The researchers from the University of Pennsylvania confirmed these findings, noting the association between variants on chromosome 12 (within the KITLG gene) and the risk of testicular cancer. They also found associations with different variants on chromosome 12 (rs3782179 and rs4474514), both of which tripled the risk of developing testicular cancer.
What interpretations did the researchers draw from these results?
The researchers in the UK study concluded that men carrying two copies of all four high-risk variants are about four times more likely to develop testicular cancer than the general population. They say that the strong association between testicular cancer and two variants in chromosome 12 could be explained by the function of the KITLG gene (also known as stem cell factor). Previous studies support the involvement of this gene in associations with testicular cancer.

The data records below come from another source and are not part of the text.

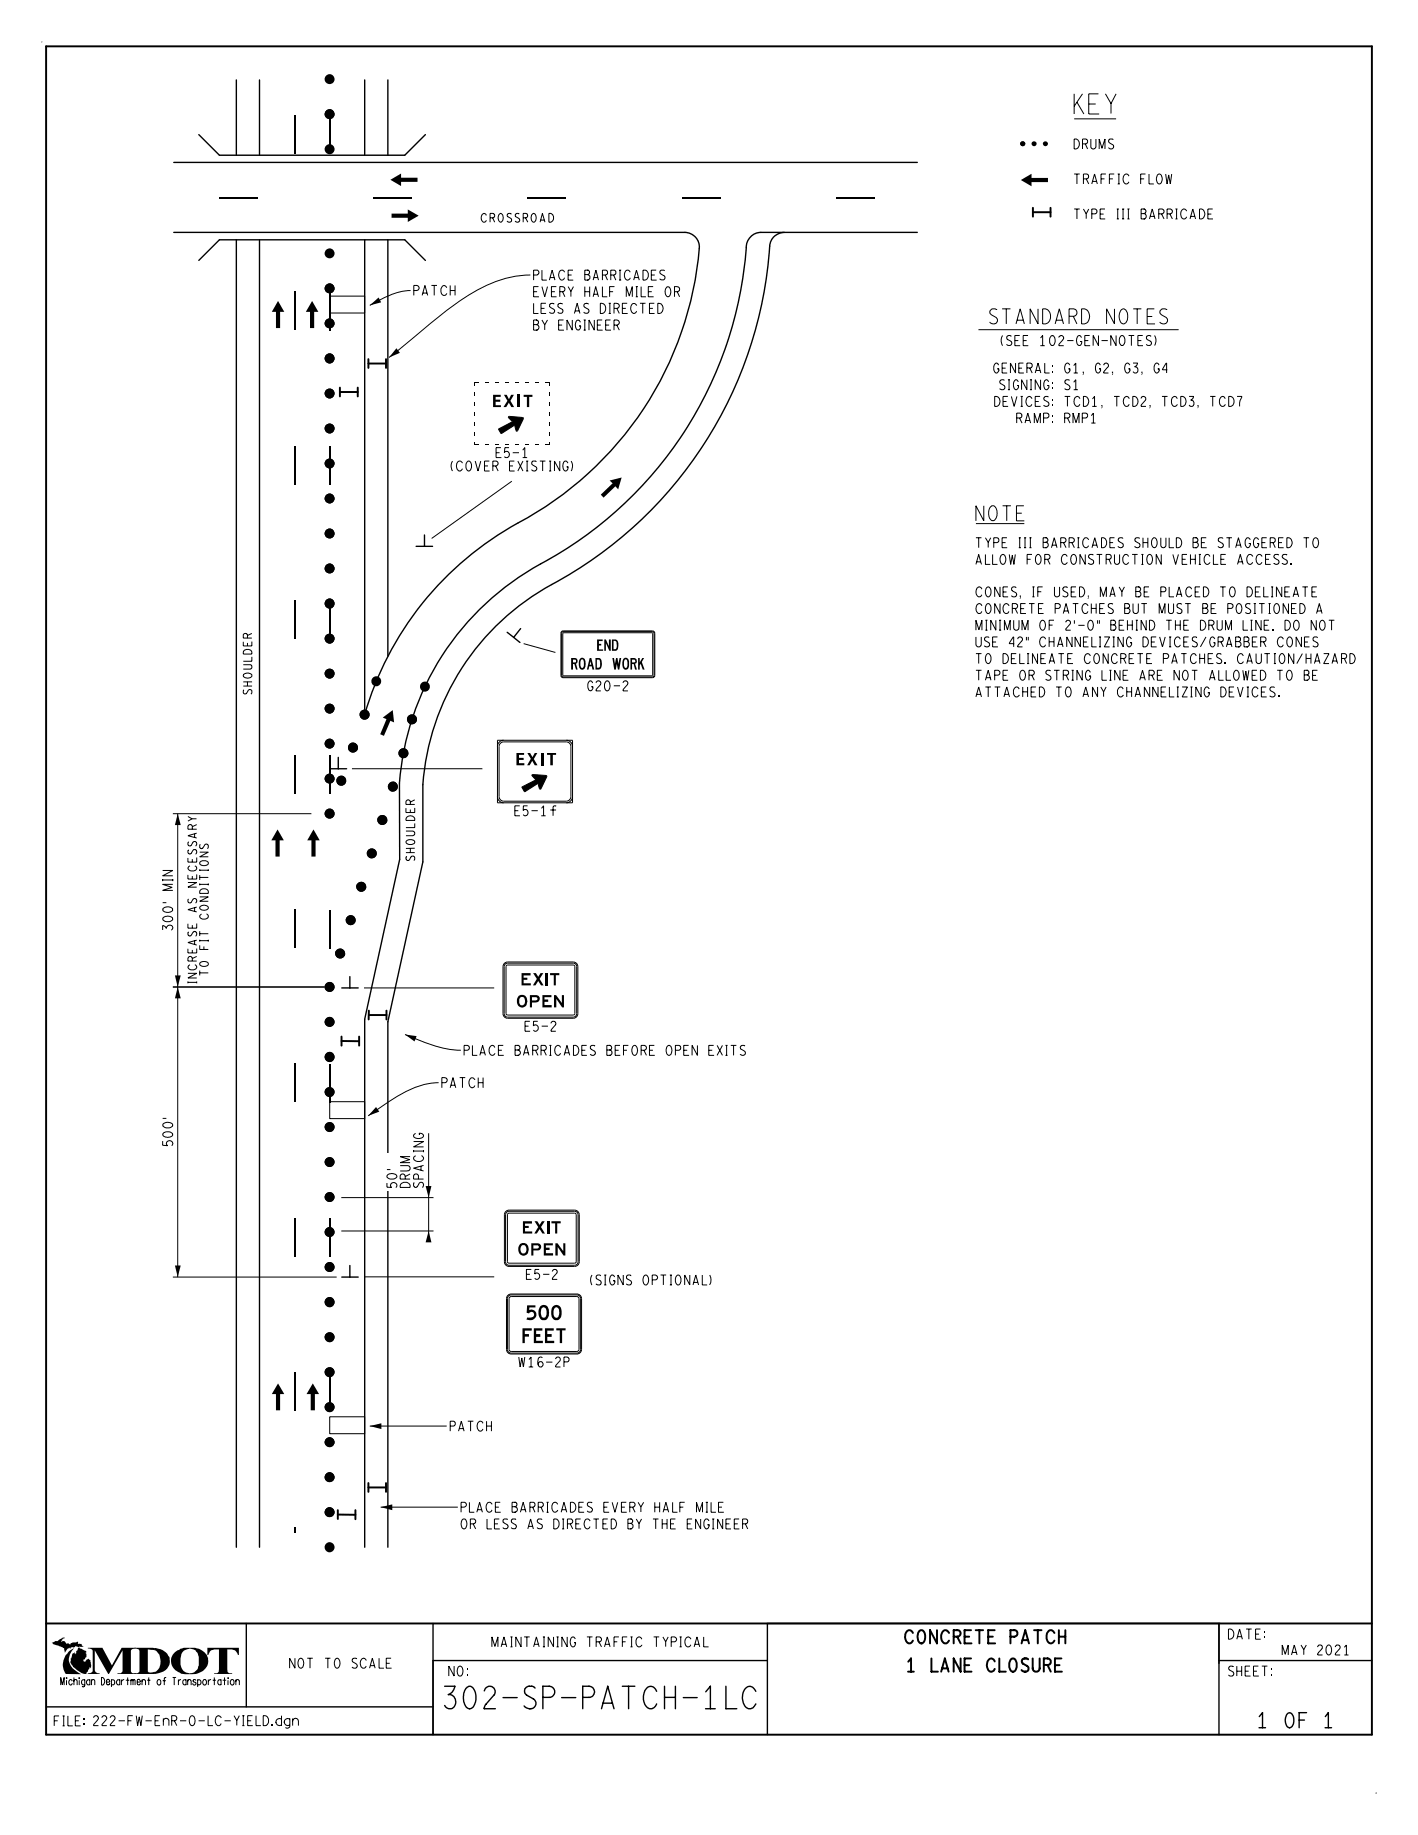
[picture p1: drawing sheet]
<svg xmlns="http://www.w3.org/2000/svg" width="216mm" height="279mm" viewBox="0 0 216 279" stroke-linecap="round" stroke-linejoin="round" font-family="sans-serif">
<g fill="#000">
<path d="M72.1 59.7l.1 .5zM72.1 58.2l.1 .5zM72.4 58.1l.6 .1zM73.9 58.1l.6 .1zM75.5 58.1l.5 .1zM77 58.1l.5 .1zM78.5 58.1l.5 .1zM80 58.1l.5 .1zM81.6 58.1l.5 .1zM83.1 58.1l.5 .1zM83.6 59.7v.5zM83.6 58.2v.5z"/>
<path d="M72.1 67.3l.1 .4zM72.1 65.8l.1 .5zM72.1 64.3l.1 .5zM72.1 62.8l.1 .5zM72.1 61.2l.1 .5zM72.4 67.7h.6zM73.9 67.7h.6zM75.5 67.7h.5zM77 67.7h.5zM78.5 67.7h.5zM80 67.7h.5zM81.6 67.7h.5z"/>
<path d="M83.1 67.7h.5zM83.6 67.3v.4zM83.6 65.8v.5zM83.6 64.3v.5zM83.6 62.8v.5zM83.6 61.2v.5zM44.8 232.5h.1v.9h-.1z"/>
<path d="M59.6 32.5h2.5v-.6l1.6 .9-1.6 1v-.6h-2.5z" fill-rule="evenodd"/>
<path d="M59.4 27.4l1.7-1v.7h2.5v.6h-2.5v.6z" fill-rule="evenodd"/>
<path d="M42.3 45.8l1 1.7h-.6v2.5h-.7v-2.5h-.6z" fill-rule="evenodd"/>
<path d="M47.5 45.8l1 1.7h-.7v2.5h-.6v-2.5h-.6z" fill-rule="evenodd"/>
<path d="M77.5 63.4l2.1 .2 .1 .1-1 1.9-.1-.1-.2-.8-2.1 1.3-.4-.7 2.1-1.1-.6-.6z" fill-rule="evenodd"/>
<path d="M92.8 73.2l1.9-.5-.6 1.8-.4-.5-1.8 1.8-.4-.5 1.8-1.7z" fill-rule="evenodd"/>
<path d="M58.3 109.3l1.5-1.2 .2 1.9-.6-.3-.9 2.3-.6-.2 .9-2.3z" fill-rule="evenodd"/>
<path d="M42.3 126.3l.9 1.7h-.6v2.4h-.7v-2.4h-.6z" fill-rule="evenodd"/>
<path d="M47.7 126.3l1 1.7h-.7v2.4h-.6v-2.4h-.6z" fill-rule="evenodd"/>
<path d="M81 118l2.1 .1 .2 .2-1 1.9-.2-.1-.2-.8-2 1.3-.5-.8 2.2-1.1z" fill-rule="evenodd"/>
<path d="M42.3 210.6l1 1.7h-.6v2.4h-.7v-2.4h-.6z" fill-rule="evenodd"/>
<path d="M47.6 210.6l1 1.7h-.7v2.4h-.6v-2.4h-.6z" fill-rule="evenodd"/>
<path d="M10.4 251.5l.9-.6a2.14 2.14 0 0 0 .1 3.4l.9 .6h-2.3a2.55 2.55 0 0 1 .4-3.4z" fill-rule="evenodd"/>
<path d="M7.9 250.2l.5-.3h.4l.3-.3a.75 .75 0 0 1 .8-.2h-.1a.49 .49 0 0 0-.4 .6l.1-.2v.1h.3l.3 .4a.39 .39 0 0 1 .6 .1l.1-.2 .2-.1h.6l.1-.1h.2v.3a.46 .46 0 0 1 .6 .2l.2 .3-.6-.1v.2a.64 .64 0 0 0-1 0l-.2-.1-.2 .2v-.1l-.3 .1v-.1l-.5 .7-.2-.7h-.1l-.1-.1-.3-.2v.2l-1.1-.5z" fill-rule="evenodd"/>
<path d="M11.9 250.9l.5 .1 .7 .4 .1 .2h-.1v.1l.1 .1v.5l-.3 .3-.2 .1 .1 .3h.2l.1-.3 .4-.1 .3 .2 .1 1.1-.1 .1-.1-.1-.2 .3h-.1v.3l-.2 .2v.2a3.5 3.5 0 0 1-2.3-1.4 .62 .62 0 0 1-.1-.8l-.1-.1 .1-.1 .3-.8h.2l.1-.2v.3l.1-.1-.1 .2 .2-.2v-.3l.3-.1-.1-.1z" fill-rule="evenodd"/>
<path d="M13.4 250.9h2.2l1.4 2.7 1.5-2.7h2.2v.1l-.6 .1-.2 .3v3.1l.2 .2 .6 .1v.1h-2.8v-.1l.6-.1 .2-.2v-3.2l-2.1 3.6h-.1l-2.1-3.6v3a.64 .64 0 0 0 .8 .5v.1h-1.8v-.1l.6-.2 .1-.2v-3l-.1-.3-.6-.1z" fill-rule="evenodd"/>
<path d="M20.5 250.9h3v.3l-1-.1v3.4a.88 .88 0 0 0 1 .1v.3h-3v-.1l.5-.1 .2-.2v-3.1l-.1-.3-.6-.1z" fill-rule="evenodd"/>
<path d="M23.5 250.9a2.2 2.2 0 0 1 2.4 2 1.89 1.89 0 0 1-1.8 1.9l-.6 .1v-.3h.1a1.69 1.69 0 0 0 .7-2.3v-.3l-.5-.6-.3-.2z" fill-rule="evenodd"/>
<path d="M26.6 251.6l.9-.6 .5-.1h.9v.1a1.38 1.38 0 0 0-1.4 1.5 1.68 1.68 0 0 0 1.4 2.3v.1a2.21 2.21 0 0 1-2-.5 1.79 1.79 0 0 1-.3-2.8z" fill-rule="evenodd"/>
<path d="M28.9 250.9a2.56 2.56 0 0 1 2.8 1.5 2.17 2.17 0 0 1-2.5 2.5h-.3v-.1a1.36 1.36 0 0 0 1.4-1.2v-1.3l-.3-.7a1.06 1.06 0 0 0-1.1-.6z" fill-rule="evenodd"/>
<path d="M31.6 250.9h4.8v1.1h-.2l-.2-.4a.78 .78 0 0 0-.7-.5h-.7v3.5a.63 .63 0 0 0 .7 .2v.1h-2.7v-.1l.5-.1 .2-.1v-3.5a1.27 1.27 0 0 0-1.4 .5l-.2 .4h-.1z" fill-rule="evenodd"/>
<circle cx="50.2" cy="17.4" r=".76"/>
<circle cx="50.2" cy="12.1" r=".76"/>
<circle cx="50.2" cy="38.6" r=".76"/>
<circle cx="50.2" cy="22.7" r=".77"/>
<circle cx="155.7" cy="21.9" r=".38"/>
<circle cx="157.5" cy="21.9" r=".38"/>
<circle cx="159.2" cy="21.9" r=".38"/>
<circle cx="50.2" cy="49.2" r=".76"/>
<circle cx="50.2" cy="43.9" r=".76"/>
<circle cx="50.2" cy="59.9" r=".75"/>
<circle cx="50.2" cy="54.6" r=".77"/>
<circle cx="50.2" cy="75.9" r=".76"/>
<circle cx="50.2" cy="70.6" r=".75"/>
<circle cx="50.2" cy="65.2" r=".75"/>
<circle cx="50.2" cy="86.6" r=".76"/>
<circle cx="50.2" cy="81.2" r=".76"/>
<circle cx="50.2" cy="97.2" r=".75"/>
<circle cx="50.2" cy="91.9" r=".77"/>
<circle cx="50.2" cy="113.2" r=".76"/>
<circle cx="50.2" cy="118.6" r=".76"/>
<circle cx="50.2" cy="107.9" r=".75"/>
<circle cx="50.2" cy="102.6" r=".75"/>
<circle cx="52" cy="118.9" r=".76"/>
<circle cx="53.7" cy="113.8" r=".77"/>
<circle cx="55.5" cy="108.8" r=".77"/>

The US study confirmed that the KITLG gene is strongly implicated as a susceptibility gene in testicular cancer.
What does the NHS Knowledge Service make of this study?
These two separate genome-wide association studies suggest that the KITLG gene on chromosome 12 is strongly linked to the risk of testicular cancer. These are well-conducted studies and their results seem reliable. Both studies confirmed their results in separate cases and controls.
Some findings were surprising and there are several points to keep in mind when interpreting the results of these types of genetic studies:
- The UK researchers say that variants should be more strongly linked with disease in people with a family history of testicular cancer. The fact that the findings from this study show that they were not is surprising. They say that larger studies are needed to further investigate “this apparent absence of familial enrichment”.
- The four-fold increase in risk of testicular cancer that the newspapers quote refers to the possible increase in risk if people carry two copies of all four high-risk variants identified by the UK study. According to the UK researchers, only 0.7% of the population will be carriers of two copies of all four high-risk variants. Previous studies have reported that the worldwide incidence of testicular cancer is 7.5 men per 100,000. This varies considerably between countries and ancestry groups.
- These studies are important and may contribute towards the development of screening tests for testicular cancer. However, the researchers acknowledge that further studies are needed to refine these estimates before they can be used in clinical practice.
Having these variants does not guarantee the disease will develop, but increases the risk that it will. In the future, it may be possible to screen people for testicular cancer and to determine who has a higher risk of developing it.